Complicaties bij poliklinisch bevallen
Bij een bevalling kunnen zich verschillende complicaties voordoen. De oorzaak kan bijvoorbeeld een afwijking aan het bekken van de moeder zijn of een afwijkende ligging van het kind. Soms kan het kind van buitenaf in de juiste positie gebracht worden. De placenta of navelstreng kan de uitgang blokkeren. Ook kan er een knoop in de navelstreng zitten of raakt de navelstreng om de nek van de baby gewikkeld. Hiernaast kan het vruchtwater een andere kleur hebben dan normaal, wat kan wijzen op problemen bij de baby. Soms is bij deze complicaties een keizersnede nodig. In sommige gevallen moet het kindje met een vacuümpomp of tang gehaald worden.
Het kan ook gebeuren dat tijdens de bevalling het weefsel tussen de vagina en anus uitscheurt. Dit kan gehecht worden.

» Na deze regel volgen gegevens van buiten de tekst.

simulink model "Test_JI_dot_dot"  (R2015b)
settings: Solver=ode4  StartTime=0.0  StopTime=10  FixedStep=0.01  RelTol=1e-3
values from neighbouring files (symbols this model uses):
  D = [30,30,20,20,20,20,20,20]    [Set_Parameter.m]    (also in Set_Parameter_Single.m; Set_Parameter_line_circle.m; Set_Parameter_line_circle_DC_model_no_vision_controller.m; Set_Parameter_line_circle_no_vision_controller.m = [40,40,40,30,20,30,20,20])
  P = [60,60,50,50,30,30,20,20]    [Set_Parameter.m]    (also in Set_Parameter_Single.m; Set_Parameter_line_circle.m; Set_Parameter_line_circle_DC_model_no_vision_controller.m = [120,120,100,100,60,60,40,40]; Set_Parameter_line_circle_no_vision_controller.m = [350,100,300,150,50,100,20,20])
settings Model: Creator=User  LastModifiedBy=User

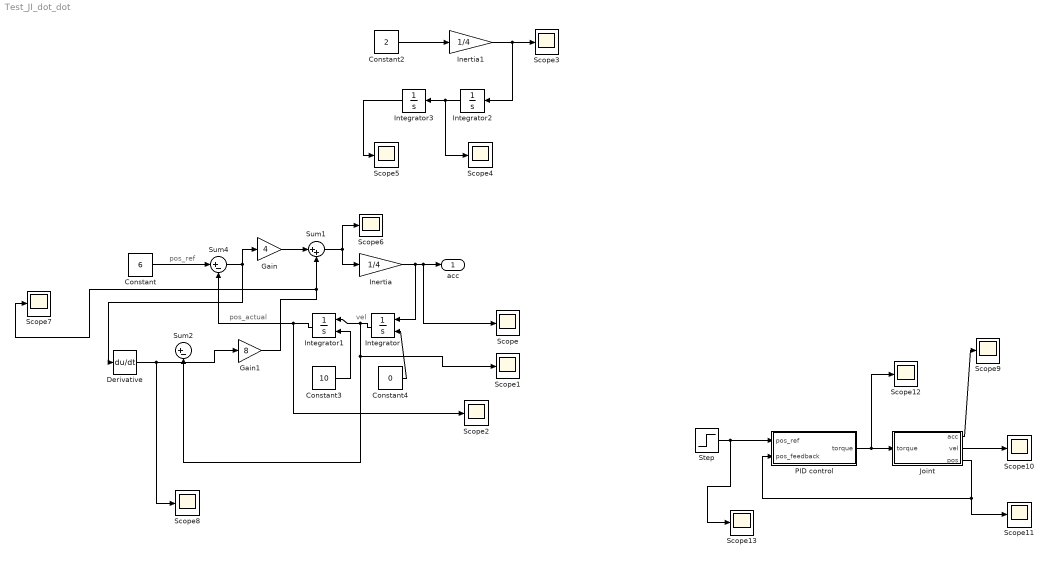
== system Test_JI_dot_dot ==
  note: pos_ref
  note: pos_actual
  note: vel
  Constant : Constant  Value=6
  Constant2 : Constant  Value=2
  Constant3 : Constant  Value=10
  Constant4 : Constant  Value=0
  Derivative : Derivative
  Gain : Gain  Gain=4
  Gain1 : Gain  Gain=8
  Inertia : Gain  Gain=1/4
  Inertia1 : Gain  Gain=1/4
  Integrator : Integrator  InitialConditionSource=external
  Integrator1 : Integrator  InitialConditionSource=external
  Integrator2 : Integrator
  Integrator3 : Integrator
  Joint : Subsystem
  PID control : Subsystem
  Scope{,1..13} (14 alike) : Scope
  Step : Step  After=6  SampleTime=0
  Sum1 : Sum  Inputs=|++
  Sum2 : Sum  Inputs=|+-
  Sum4 : Sum  Inputs=|+-
  acc : Outport
  wires:
  Inertia/1 -> Integrator/1, Scope/1, acc/1
  Integrator/1 -> Sum2/2, Scope1/1, Integrator1/1
  Integrator1/1 -> Scope2/1, Sum4/2
  Constant/1 -> Sum4/1
  Sum4/1 -> Derivative/1, Gain/1
  Gain/1 -> Sum1/1
  Sum1/1 -> Inertia/1, Scope6/1
  Constant2/1 -> Inertia1/1
  Inertia1/1 -> Integrator2/1, Scope3/1
  Integrator2/1 -> Integrator3/1, Scope4/1
  Integrator3/1 -> Scope5/1
  Constant3/1 -> Integrator1/2
  Constant4/1 -> Integrator/2
  Gain1/1 -> Scope7/1, Sum1/2
  Derivative/1 -> Gain1/1, Scope8/1
  Step/1 -> Scope13/1, PID control/1("pos_ref ")
  PID control/1(torque) -> Scope12/1, Joint/1(torque)
  Joint/3(pos) -> Scope11/1, PID control/2(pos_feedback)
  Joint/1(acc) -> Scope9/1
  Joint/2(vel) -> Scope10/1

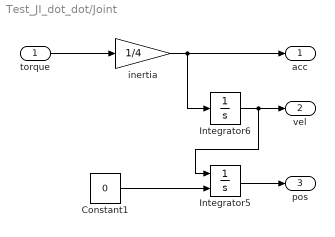
== system Test_JI_dot_dot/Joint ==
  torque : Inport
  Constant1 : Constant  Value=0
  Integrator5 : Integrator  InitialConditionSource=external
  Integrator6 : Integrator
  inertia : Gain  Gain=1/4
  acc : Outport
  vel : Outport  Port=2
  pos : Outport  Port=3
  wires:
  inertia/1 -> Integrator6/1, acc/1
  torque/1 -> inertia/1
  Constant1/1 -> Integrator5/2
  Integrator6/1 -> vel/1, Integrator5/1
  Integrator5/1 -> pos/1

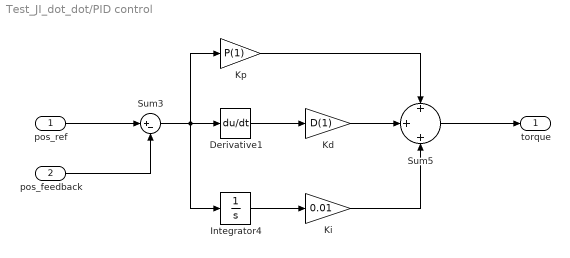
== system Test_JI_dot_dot/PID control ==
  "pos_ref " : Inport
  pos_feedback : Inport  Port=2
  Derivative1 : Derivative
  Integrator4 : Integrator
  Kd : Gain  Gain=D(1)
  Ki : Gain  Gain=0.01
  Kp : Gain  Gain=P(1)
  Sum3 : Sum  Inputs=|+-
  Sum5 : Sum  Inputs=+|+|+
  torque : Outport
  wires:
  Sum5/1 -> torque/1
  Integrator4/1 -> Ki/1
  Ki/1 -> Sum5/3
  Kp/1 -> Sum5/1
  "pos_ref "/1 -> Sum3/1
  Sum3/1 -> Integrator4/1, Derivative1/1, Kp/1
  Kd/1 -> Sum5/2
  Derivative1/1 -> Kd/1
  pos_feedback/1 -> Sum3/2

Herstel na poliklinisch bevallen
De verloskundige kijkt het kindje na en controleert of de reflexen goed zijn. Daarna wordt je kindje verzorgd en aangekleed. Als alles goed verloopt, kun je je kindje na een uurtje de eerste voeding geven. Dit kan uit borstvoeding of flesvoeding bestaan. Meestal kun je binnen 24 uur of maximaal 48 uur nadat de baby geboren is, weer naar huis.